Work item: In the listing below, how many lines contain the string "KAREMO"? Answer with the number only.

+++

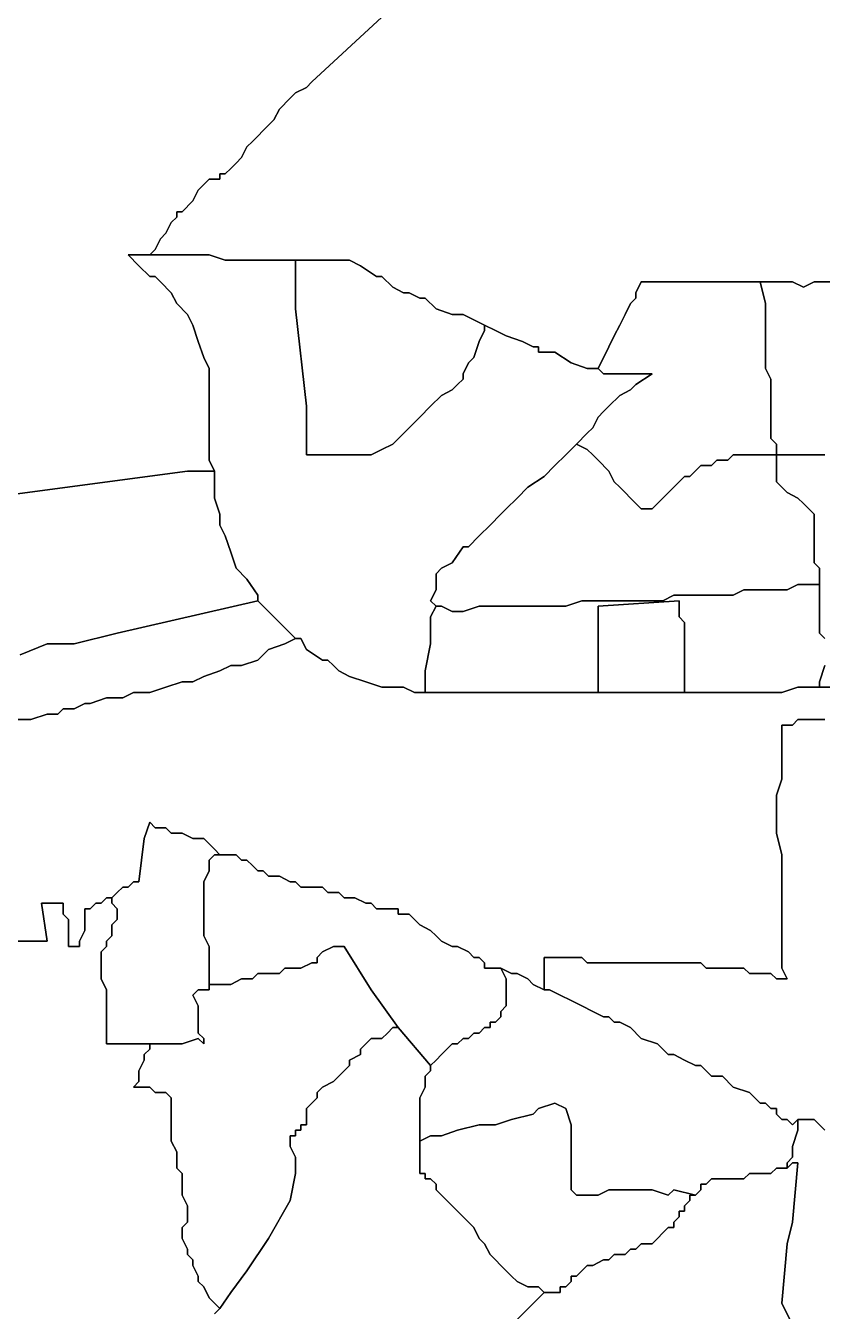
# Model space of a CAD drawing. Extents: x 20 to 266, y 22 to 174.
# Drawn here: x 151.06 to 163.54, y 117.3 to 137.44 of the extents above; entities that cross this region are included whole.
import ezdxf

# ---------------------------------------------------------------- set-up
doc = ezdxf.new("R2010")
doc.units = 0
doc.layers.add('KAREMO', color=7, linetype='CONTINUOUS')

msp = doc.modelspace()

# ---------------------------------------------------------------- linework, layer by layer
at = {"layer": 'KAREMO', "color": 2}
for points in [[(156.639535, 137.575787), (155.538826, 136.559692), (155.454156, 136.475015), (155.284816, 136.390341), (155.200145, 136.305667), (155.030805, 136.136316), (154.946135, 135.966966), (154.861465, 135.882292), (154.776794, 135.797618), (154.692124, 135.712944), (154.607454, 135.628267), (154.522784, 135.543593), (154.438114, 135.374242), (154.353443, 135.289569), (154.268773, 135.204895), (154.184107, 135.120218), (154.099436, 135.120218), (154.099436, 135.035544), (154.014766, 135.035544), (153.930096, 135.035544), (153.845426, 134.95087), (153.760756, 134.866193), (153.676085, 134.696846), (153.506745, 134.527495), (153.422075, 134.527495), (153.422075, 134.442821), (153.337405, 134.358147), (153.252734, 134.188796), (153.168064, 134.104122), (153.083394, 133.934771), (152.998724, 133.850098), (152.829383, 133.850098), (152.660043, 133.850098), (152.829383, 133.680747), (152.998724, 133.511396), (153.083394, 133.511396), (153.168064, 133.426722), (153.337405, 133.257371), (153.422075, 133.088024), (153.591415, 132.918673), (153.676085, 132.749325), (153.760756, 132.495301), (153.845426, 132.241276), (153.930096, 132.071925), (153.930096, 131.987251), (153.930096, 131.563876), (153.930096, 131.309851), (153.930096, 131.140503), (153.930096, 130.971152), (153.930096, 130.632454), (154.014766, 130.463103), (153.930096, 130.463103), (153.845426, 130.463103), (153.760756, 130.463103), (153.676085, 130.463103), (153.591415, 130.463103), (149.781264, 129.955054)], [(163.667147, 133.426722), (163.413137, 133.426722), (163.243796, 133.342048), (163.074456, 133.426722), (162.905115, 133.426722), (162.820445, 133.426722), (162.735775, 133.426722), (162.651108, 133.426722), (162.566438, 133.426722), (162.481768, 133.426722), (162.397098, 133.426722), (162.312428, 133.426722), (162.143087, 133.426722), (161.973747, 133.426722), (161.889077, 133.426722), (161.550396, 133.426722), (161.381055, 133.426722), (161.211715, 133.426722), (161.127045, 133.426722), (160.873038, 133.426722), (160.703697, 133.426722), (160.619027, 133.257371), (160.619027, 133.172697), (160.534357, 133.088024), (160.449687, 132.918673), (160.365017, 132.749325), (160.280346, 132.579974), (160.195676, 132.410623), (160.026336, 132.071925), (159.856995, 132.071925), (159.602985, 132.156599), (159.348974, 132.32595), (159.094967, 132.32595), (159.094967, 132.410623), (159.010297, 132.410623), (158.840957, 132.495301), (158.586946, 132.579974), (158.417606, 132.664648), (158.248265, 132.749325), (158.078925, 132.833999), (157.909585, 132.918673), (157.740244, 132.918673), (157.486237, 133.00335), (157.316897, 133.172697), (157.232227, 133.172697), (157.062886, 133.257371), (156.978216, 133.257371), (156.808876, 133.342048), (156.639535, 133.511396), (156.554865, 133.511396), (156.300854, 133.680747), (156.131514, 133.765421), (156.046844, 133.765421), (155.962174, 133.765421), (155.877507, 133.765421), (155.708167, 133.765421), (155.623496, 133.765421), (155.538826, 133.765421), (155.369486, 133.765421), (155.284816, 133.765421), (155.115475, 133.765421), (154.946135, 133.765421), (154.776794, 133.765421), (154.522784, 133.765421), (154.353443, 133.765421), (154.184107, 133.765421), (153.930096, 133.850098), (153.676085, 133.850098), (153.506745, 133.850098), (153.337405, 133.850098), (153.168064, 133.850098), (152.998724, 133.850098), (153.083394, 133.934771), (153.168064, 134.104122), (153.252734, 134.188796), (153.337405, 134.358147), (153.422075, 134.442821), (153.422075, 134.527495), (153.506745, 134.527495), (153.676085, 134.696846), (153.760756, 134.866193), (153.845426, 134.95087), (153.930096, 135.035544), (154.014766, 135.035544), (154.099436, 135.035544), (154.099436, 135.120218), (154.184107, 135.120218), (154.268773, 135.204895), (154.353443, 135.289569), (154.438114, 135.374242), (154.522784, 135.543593), (154.607454, 135.628267), (154.692124, 135.712944), (154.776794, 135.797618), (154.861465, 135.882292), (154.946135, 135.966966), (155.030805, 136.136316), (155.200145, 136.305667), (155.284816, 136.390341), (155.454156, 136.475015), (155.538826, 136.559692), (156.639535, 137.575787)], [(155.284816, 133.765421), (155.284816, 133.680747), (155.284816, 133.00335), (155.454156, 131.479202), (155.454156, 130.717128), (155.538826, 130.717128), (155.792837, 130.717128), (155.877507, 130.717128), (156.046844, 130.717128), (156.300854, 130.717128), (156.470195, 130.717128), (156.639535, 130.801801), (156.808876, 130.886479), (157.062886, 131.140503), (157.232227, 131.309851), (157.401567, 131.479202), (157.570907, 131.648553), (157.740244, 131.733226), (157.824914, 131.8179), (157.909585, 131.902574), (157.909585, 131.987251), (157.994255, 132.156599), (158.078925, 132.241276), (158.163595, 132.495301), (158.248265, 132.664648), (158.248265, 132.749325), (158.417606, 132.664648), (158.586946, 132.579974), (158.840957, 132.495301), (159.010297, 132.410623), (159.094967, 132.410623), (159.094967, 132.32595), (159.348974, 132.32595), (159.602985, 132.156599), (159.856996, 132.071925), (160.026336, 132.071925), (160.111006, 131.987251), (160.280346, 131.987251), (160.365017, 131.987251), (160.449687, 131.987251), (160.703697, 131.987251), (160.873038, 131.987251), (160.619027, 131.8179), (160.534357, 131.733226), (160.365017, 131.648553), (160.195676, 131.479202), (160.111006, 131.394528), (160.026336, 131.309851), (159.941666, 131.140503), (159.856996, 131.055826), (159.687655, 130.886479), (159.518315, 130.717128), (159.348974, 130.547777), (159.179637, 130.378429), (158.925627, 130.209078), (158.756287, 130.039731), (158.586946, 129.87038), (158.502276, 129.785706), (158.332936, 129.616355), (158.163595, 129.447004), (157.994255, 129.277657), (157.909585, 129.277657), (157.740244, 129.023632), (157.570907, 128.938958), (157.486237, 128.854281), (157.486237, 128.684934), (157.486237, 128.600256), (157.401567, 128.430909), (157.486237, 128.346232), (157.401567, 128.176884), (157.401567, 127.838186), (157.401567, 127.753509), (157.316897, 127.330136), (157.316897, 127.160786), (157.316897, 126.991435), (157.232227, 126.991435), (157.147556, 126.991435), (156.978216, 127.076112), (156.893546, 127.076112), (156.808876, 127.076112), (156.639535, 127.076112), (156.385525, 127.160786), (156.131514, 127.245459), (155.962174, 127.330136), (155.877507, 127.41481), (155.792837, 127.499484), (155.708167, 127.499484), (155.454156, 127.668835), (155.369486, 127.838186), (155.284816, 127.838186), (155.115475, 128.007533), (155.030805, 128.092207), (154.946135, 128.176884), (154.776794, 128.346232), (154.692124, 128.430909), (154.692124, 128.515583), (154.522784, 128.769607), (154.353443, 128.938958), (154.268773, 129.192983), (154.184107, 129.447004), (154.099436, 129.616355), (154.099436, 129.785706), (154.014766, 130.039731), (154.014766, 130.124405), (154.014766, 130.378429), (154.014766, 130.463103), (153.930096, 130.632454), (153.930096, 130.971152), (153.930096, 131.140503), (153.930096, 131.309851), (153.930096, 131.563876), (153.930096, 131.987251), (153.930096, 132.071925), (153.845426, 132.241276), (153.760756, 132.495301), (153.676085, 132.749325), (153.591415, 132.918673), (153.422075, 133.088024), (153.337405, 133.257371), (153.168064, 133.426722), (153.083394, 133.511396), (152.998724, 133.511396), (152.829383, 133.680747), (152.660043, 133.850098), (152.829383, 133.850098), (152.998724, 133.850098), (153.168064, 133.850098), (153.337405, 133.850098), (153.506745, 133.850098), (153.676085, 133.850098), (153.930096, 133.850098), (154.184107, 133.765421), (154.353443, 133.765421), (154.522784, 133.765421), (154.776794, 133.765421), (154.946135, 133.765421), (155.115475, 133.765421), (155.284816, 133.765421)], [(158.248265, 132.749325), (158.248265, 132.664648), (158.163595, 132.495301), (158.078925, 132.241276), (157.994255, 132.156599), (157.909585, 131.987251), (157.909585, 131.902574), (157.824914, 131.8179), (157.740244, 131.733227), (157.570907, 131.648553), (157.401567, 131.479202), (157.232227, 131.309851), (157.062886, 131.140503), (156.808876, 130.886479), (156.639535, 130.801801), (156.470195, 130.717128), (156.300854, 130.717128), (156.046844, 130.717128), (155.877507, 130.717128), (155.792837, 130.717128), (155.538826, 130.717128), (155.454156, 130.717128), (155.454156, 131.479202), (155.284816, 133.00335), (155.284816, 133.680747), (155.284816, 133.765421), (155.369486, 133.765421), (155.538826, 133.765421), (155.623496, 133.765421), (155.708167, 133.765421), (155.877507, 133.765421), (155.962174, 133.765421), (156.046844, 133.765421), (156.131514, 133.765421), (156.300854, 133.680747), (156.554865, 133.511396), (156.639535, 133.511396), (156.808876, 133.342048), (156.978216, 133.257371), (157.062886, 133.257371), (157.232227, 133.172697), (157.316897, 133.172697), (157.486237, 133.00335), (157.740244, 132.918673), (157.909585, 132.918673), (158.078925, 132.833999), (158.248265, 132.749325)], [(162.566438, 133.426722), (162.651108, 133.088024), (162.651108, 132.833999), (162.651108, 132.495301), (162.651108, 132.32595), (162.651108, 132.071925), (162.735775, 131.902574), (162.735775, 131.733227), (162.735775, 131.563876), (162.735775, 131.479202), (162.735775, 131.225177), (162.735775, 131.140503), (162.735775, 131.055826), (162.735775, 130.971152), (162.820445, 130.886479), (162.820445, 130.717128), (162.566438, 130.717128), (162.312428, 130.717128), (162.143087, 130.717128), (162.058417, 130.632454), (161.889077, 130.632454), (161.804406, 130.547777), (161.635066, 130.547777), (161.465726, 130.378429), (161.381055, 130.378429), (161.296385, 130.293756), (161.211715, 130.209078), (161.042375, 130.039731), (160.957708, 129.955054), (160.873038, 129.87038), (160.788368, 129.87038), (160.703697, 129.87038), (160.619027, 129.955054), (160.534357, 130.039731), (160.449687, 130.124405), (160.365017, 130.209078), (160.280346, 130.293756), (160.195676, 130.463103), (160.026336, 130.632454), (159.941666, 130.717128), (159.856996, 130.801801), (159.687655, 130.886479), (159.856996, 131.055826), (159.941666, 131.140503), (160.026336, 131.309851), (160.111006, 131.394528), (160.195676, 131.479202), (160.365017, 131.648553), (160.534357, 131.733226), (160.619027, 131.8179), (160.873038, 131.987251), (160.703697, 131.987251), (160.449687, 131.987251), (160.365017, 131.987251), (160.280346, 131.987251), (160.111006, 131.987251), (160.026336, 132.071925), (160.195676, 132.410623), (160.280346, 132.579974), (160.365017, 132.749325), (160.449687, 132.918673), (160.534357, 133.088024), (160.619027, 133.172697), (160.619027, 133.257371), (160.703697, 133.426722), (160.873038, 133.426722), (161.127045, 133.426722), (161.211715, 133.426722), (161.381055, 133.426722), (161.550396, 133.426722), (161.889077, 133.426722), (161.973747, 133.426722), (162.143087, 133.426722), (162.312428, 133.426722), (162.397098, 133.426722), (162.481768, 133.426722), (162.566438, 133.426722)], [(162.820445, 130.717128), (162.820445, 130.886479), (162.735775, 130.971152), (162.735775, 131.055826), (162.735775, 131.140503), (162.735775, 131.225177), (162.735775, 131.479202), (162.735775, 131.563876), (162.735775, 131.733227), (162.735775, 131.902574), (162.651108, 132.071925), (162.651108, 132.32595), (162.651108, 132.495301), (162.651108, 132.833999), (162.651108, 133.088024), (162.566438, 133.426722), (162.651108, 133.426722), (162.735775, 133.426722), (162.820445, 133.426722), (162.905115, 133.426722), (163.074456, 133.426722), (163.243796, 133.342048), (163.413137, 133.426722), (163.667147, 133.426722)], [(162.820445, 130.717128), (162.820445, 130.632454), (162.820445, 130.463103), (162.820445, 130.293756), (162.905115, 130.209078), (162.989786, 130.124405), (163.159126, 130.039731), (163.243796, 129.955054), (163.328466, 129.87038), (163.413137, 129.785706), (163.413137, 129.701029), (163.413137, 129.616355), (163.413137, 129.531681), (163.413137, 129.362331), (163.413137, 129.277657), (163.413137, 129.108306), (163.413137, 129.023632), (163.497807, 128.938958), (163.497807, 128.769607), (163.497807, 128.684934), (163.328466, 128.684934), (163.159126, 128.684934), (162.989786, 128.600256), (162.905115, 128.600256), (162.735775, 128.600256), (162.566438, 128.600256), (162.312428, 128.600256), (162.143087, 128.515583), (161.973747, 128.515583), (161.804406, 128.515583), (161.635066, 128.515583), (161.550396, 128.515583), (161.296385, 128.515583), (161.211715, 128.515583), (161.042375, 128.430909), (160.873038, 128.430909), (160.788368, 128.430909), (160.619027, 128.430909), (160.534357, 128.430909), (160.365017, 128.430909), (160.195676, 128.430909), (160.026336, 128.430909), (159.941666, 128.430909), (159.772325, 128.430909), (159.518315, 128.346232), (159.179637, 128.346232), (159.010297, 128.346232), (158.840957, 128.346232), (158.586946, 128.346232), (158.502276, 128.346232), (158.332936, 128.346232), (158.163595, 128.346232), (157.909585, 128.261558), (157.740244, 128.261558), (157.570907, 128.346232), (157.486237, 128.346232), (157.401567, 128.430909), (157.486237, 128.600256), (157.486237, 128.684934), (157.486237, 128.854281), (157.570907, 128.938958), (157.740244, 129.023632), (157.909585, 129.277657), (157.994255, 129.277657), (158.163595, 129.447004), (158.332936, 129.616355), (158.502276, 129.785706), (158.586946, 129.87038), (158.756286, 130.039731), (158.925627, 130.209078), (159.179637, 130.378429), (159.348974, 130.547777), (159.518315, 130.717128), (159.687655, 130.886479), (159.856995, 130.801801), (159.941666, 130.717128), (160.026336, 130.632454), (160.195676, 130.463103), (160.280346, 130.293756), (160.365017, 130.209078), (160.449687, 130.124405), (160.534357, 130.039731), (160.619027, 129.955054), (160.703697, 129.87038), (160.788368, 129.87038), (160.873038, 129.87038), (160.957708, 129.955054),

+++

Solution: 2